_EXERCISE DETAILS_: Write out, exactly and in full, the records given below, but not their pictures.

_RECORDS FOR THE EXERCISE_:
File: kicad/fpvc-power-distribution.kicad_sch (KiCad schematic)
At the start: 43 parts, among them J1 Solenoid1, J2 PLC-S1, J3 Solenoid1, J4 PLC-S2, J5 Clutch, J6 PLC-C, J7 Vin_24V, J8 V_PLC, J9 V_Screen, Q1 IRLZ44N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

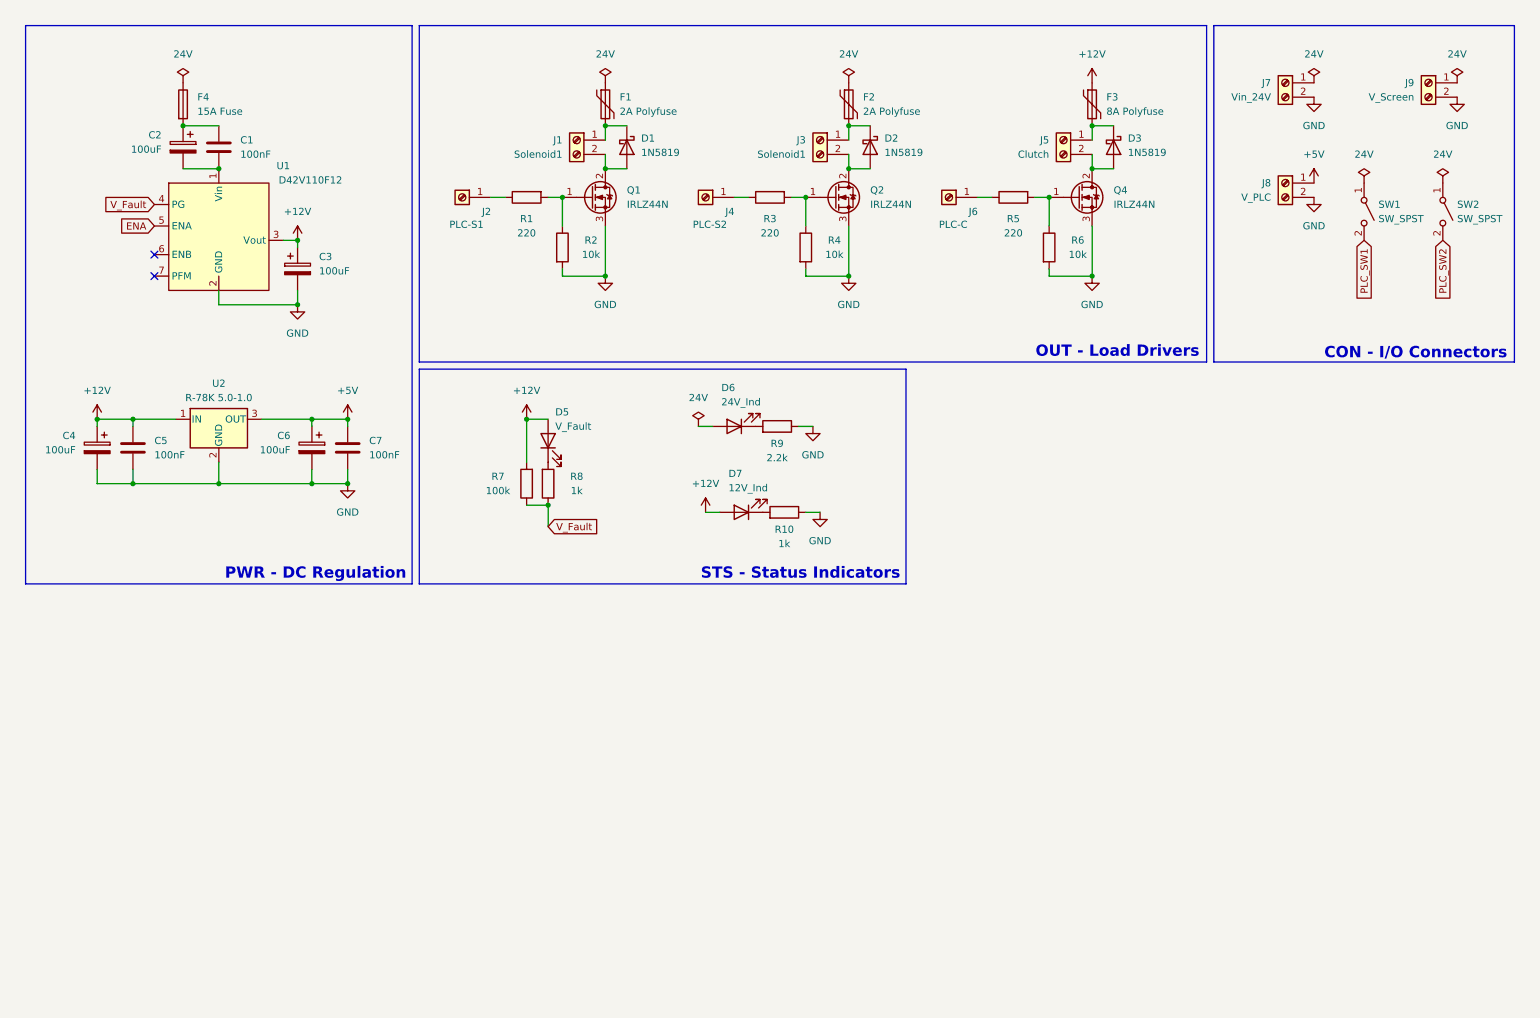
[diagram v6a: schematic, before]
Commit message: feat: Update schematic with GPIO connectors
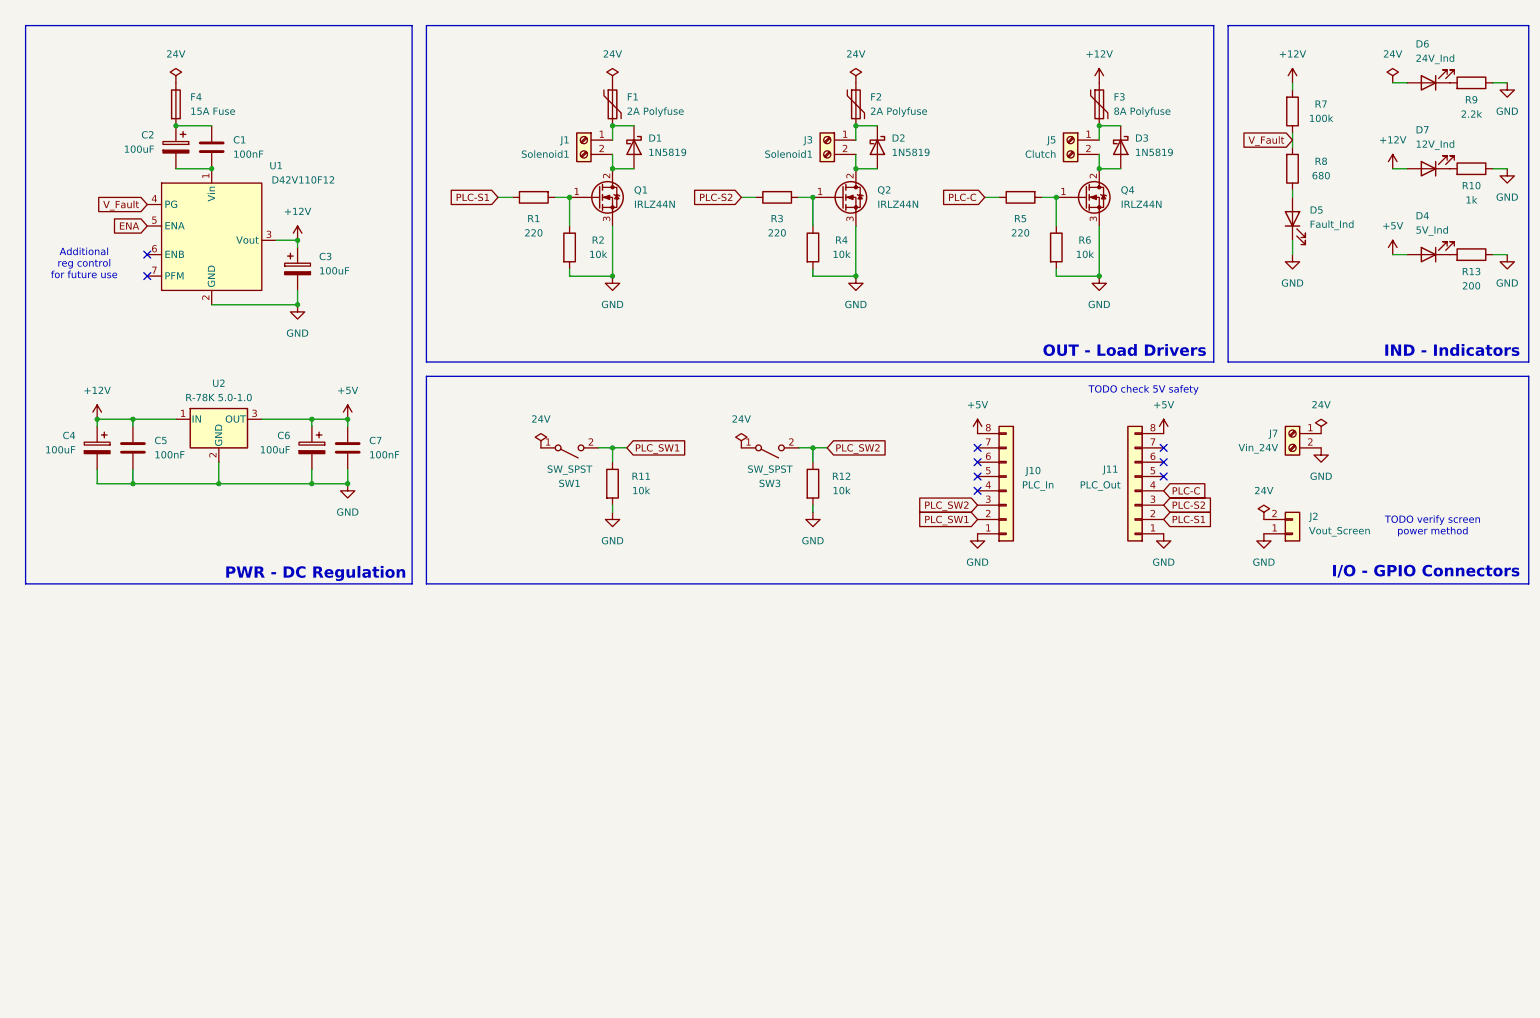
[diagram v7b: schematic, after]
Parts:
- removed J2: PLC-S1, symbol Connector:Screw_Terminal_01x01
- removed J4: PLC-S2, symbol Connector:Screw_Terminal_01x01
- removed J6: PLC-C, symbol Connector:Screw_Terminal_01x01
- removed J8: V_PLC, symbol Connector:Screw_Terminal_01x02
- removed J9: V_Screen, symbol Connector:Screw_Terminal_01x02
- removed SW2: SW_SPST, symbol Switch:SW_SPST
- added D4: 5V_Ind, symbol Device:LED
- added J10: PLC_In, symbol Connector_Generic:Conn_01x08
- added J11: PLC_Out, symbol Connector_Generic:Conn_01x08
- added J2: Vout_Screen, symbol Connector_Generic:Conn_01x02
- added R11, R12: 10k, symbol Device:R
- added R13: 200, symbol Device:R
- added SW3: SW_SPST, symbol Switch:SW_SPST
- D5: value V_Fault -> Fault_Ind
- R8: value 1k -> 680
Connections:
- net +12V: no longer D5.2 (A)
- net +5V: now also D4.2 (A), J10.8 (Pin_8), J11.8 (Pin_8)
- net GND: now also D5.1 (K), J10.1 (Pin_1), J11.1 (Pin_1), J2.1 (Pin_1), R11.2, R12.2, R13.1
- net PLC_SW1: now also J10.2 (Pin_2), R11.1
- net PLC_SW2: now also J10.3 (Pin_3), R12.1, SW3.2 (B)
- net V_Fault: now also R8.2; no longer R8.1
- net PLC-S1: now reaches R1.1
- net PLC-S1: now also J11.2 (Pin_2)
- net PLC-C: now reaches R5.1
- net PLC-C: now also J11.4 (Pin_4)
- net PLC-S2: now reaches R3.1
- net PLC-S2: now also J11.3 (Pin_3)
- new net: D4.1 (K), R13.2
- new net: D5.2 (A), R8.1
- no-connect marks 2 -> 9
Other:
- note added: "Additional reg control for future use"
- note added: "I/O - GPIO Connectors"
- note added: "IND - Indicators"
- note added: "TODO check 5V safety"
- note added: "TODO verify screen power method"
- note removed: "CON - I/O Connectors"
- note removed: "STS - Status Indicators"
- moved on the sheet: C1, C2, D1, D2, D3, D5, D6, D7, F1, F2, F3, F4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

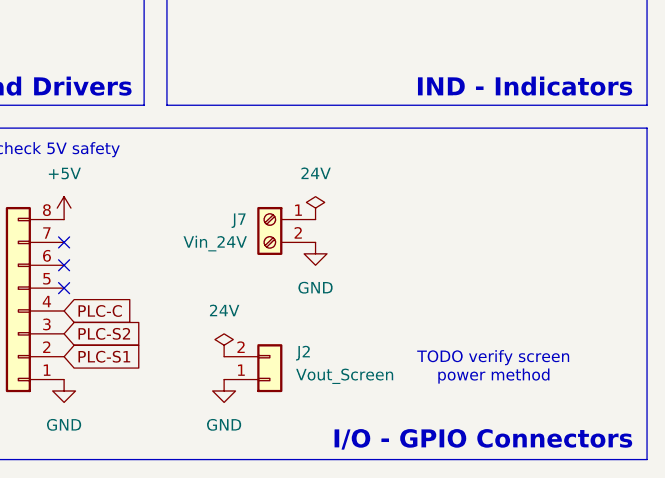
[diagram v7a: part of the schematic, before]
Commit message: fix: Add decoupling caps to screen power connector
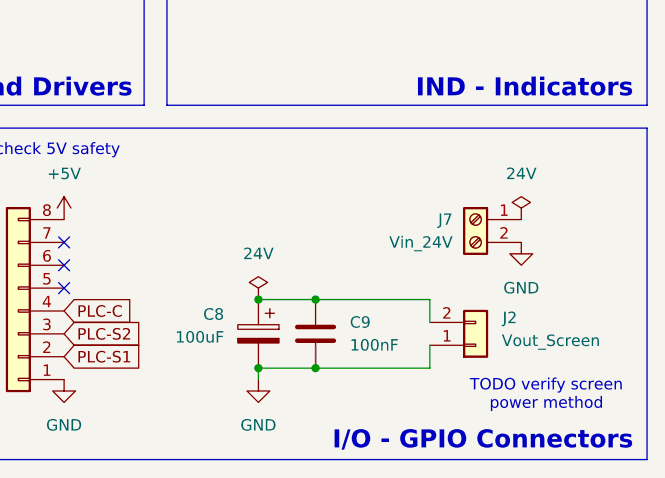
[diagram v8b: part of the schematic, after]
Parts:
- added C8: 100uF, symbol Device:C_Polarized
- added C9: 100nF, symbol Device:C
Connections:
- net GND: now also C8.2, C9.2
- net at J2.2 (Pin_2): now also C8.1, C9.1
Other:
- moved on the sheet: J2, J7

_OUTPUT BELOW_:
File: kicad/fpvc-power-distribution.kicad_sch (KiCad schematic)
At the start: 43 parts, among them J1 Solenoid1, J2 PLC-S1, J3 Solenoid1, J4 PLC-S2, J5 Clutch, J6 PLC-C, J7 Vin_24V, J8 V_PLC, J9 V_Screen, Q1 IRLZ44N

[diagram v6a: schematic, before]
Commit message: feat: Update schematic with GPIO connectors
[diagram v7b: schematic, after]
Parts:
- removed J2: PLC-S1, symbol Connector:Screw_Terminal_01x01
- removed J4: PLC-S2, symbol Connector:Screw_Terminal_01x01
- removed J6: PLC-C, symbol Connector:Screw_Terminal_01x01
- removed J8: V_PLC, symbol Connector:Screw_Terminal_01x02
- removed J9: V_Screen, symbol Connector:Screw_Terminal_01x02
- removed SW2: SW_SPST, symbol Switch:SW_SPST
- added D4: 5V_Ind, symbol Device:LED
- added J10: PLC_In, symbol Connector_Generic:Conn_01x08
- added J11: PLC_Out, symbol Connector_Generic:Conn_01x08
- added J2: Vout_Screen, symbol Connector_Generic:Conn_01x02
- added R11, R12: 10k, symbol Device:R
- added R13: 200, symbol Device:R
- added SW3: SW_SPST, symbol Switch:SW_SPST
- D5: value V_Fault -> Fault_Ind
- R8: value 1k -> 680
Connections:
- net +12V: no longer D5.2 (A)
- net +5V: now also D4.2 (A), J10.8 (Pin_8), J11.8 (Pin_8)
- net GND: now also D5.1 (K), J10.1 (Pin_1), J11.1 (Pin_1), J2.1 (Pin_1), R11.2, R12.2, R13.1
- net PLC_SW1: now also J10.2 (Pin_2), R11.1
- net PLC_SW2: now also J10.3 (Pin_3), R12.1, SW3.2 (B)
- net V_Fault: now also R8.2; no longer R8.1
- net PLC-S1: now reaches R1.1
- net PLC-S1: now also J11.2 (Pin_2)
- net PLC-C: now reaches R5.1
- net PLC-C: now also J11.4 (Pin_4)
- net PLC-S2: now reaches R3.1
- net PLC-S2: now also J11.3 (Pin_3)
- new net: D4.1 (K), R13.2
- new net: D5.2 (A), R8.1
- no-connect marks 2 -> 9
Other:
- note added: "Additional reg control for future use"
- note added: "I/O - GPIO Connectors"
- note added: "IND - Indicators"
- note added: "TODO check 5V safety"
- note added: "TODO verify screen power method"
- note removed: "CON - I/O Connectors"
- note removed: "STS - Status Indicators"
- moved on the sheet: C1, C2, D1, D2, D3, D5, D6, D7, F1, F2, F3, F4

[diagram v7a: part of the schematic, before]
Commit message: fix: Add decoupling caps to screen power connector
[diagram v8b: part of the schematic, after]
Parts:
- added C8: 100uF, symbol Device:C_Polarized
- added C9: 100nF, symbol Device:C
Connections:
- net GND: now also C8.2, C9.2
- net at J2.2 (Pin_2): now also C8.1, C9.1
Other:
- moved on the sheet: J2, J7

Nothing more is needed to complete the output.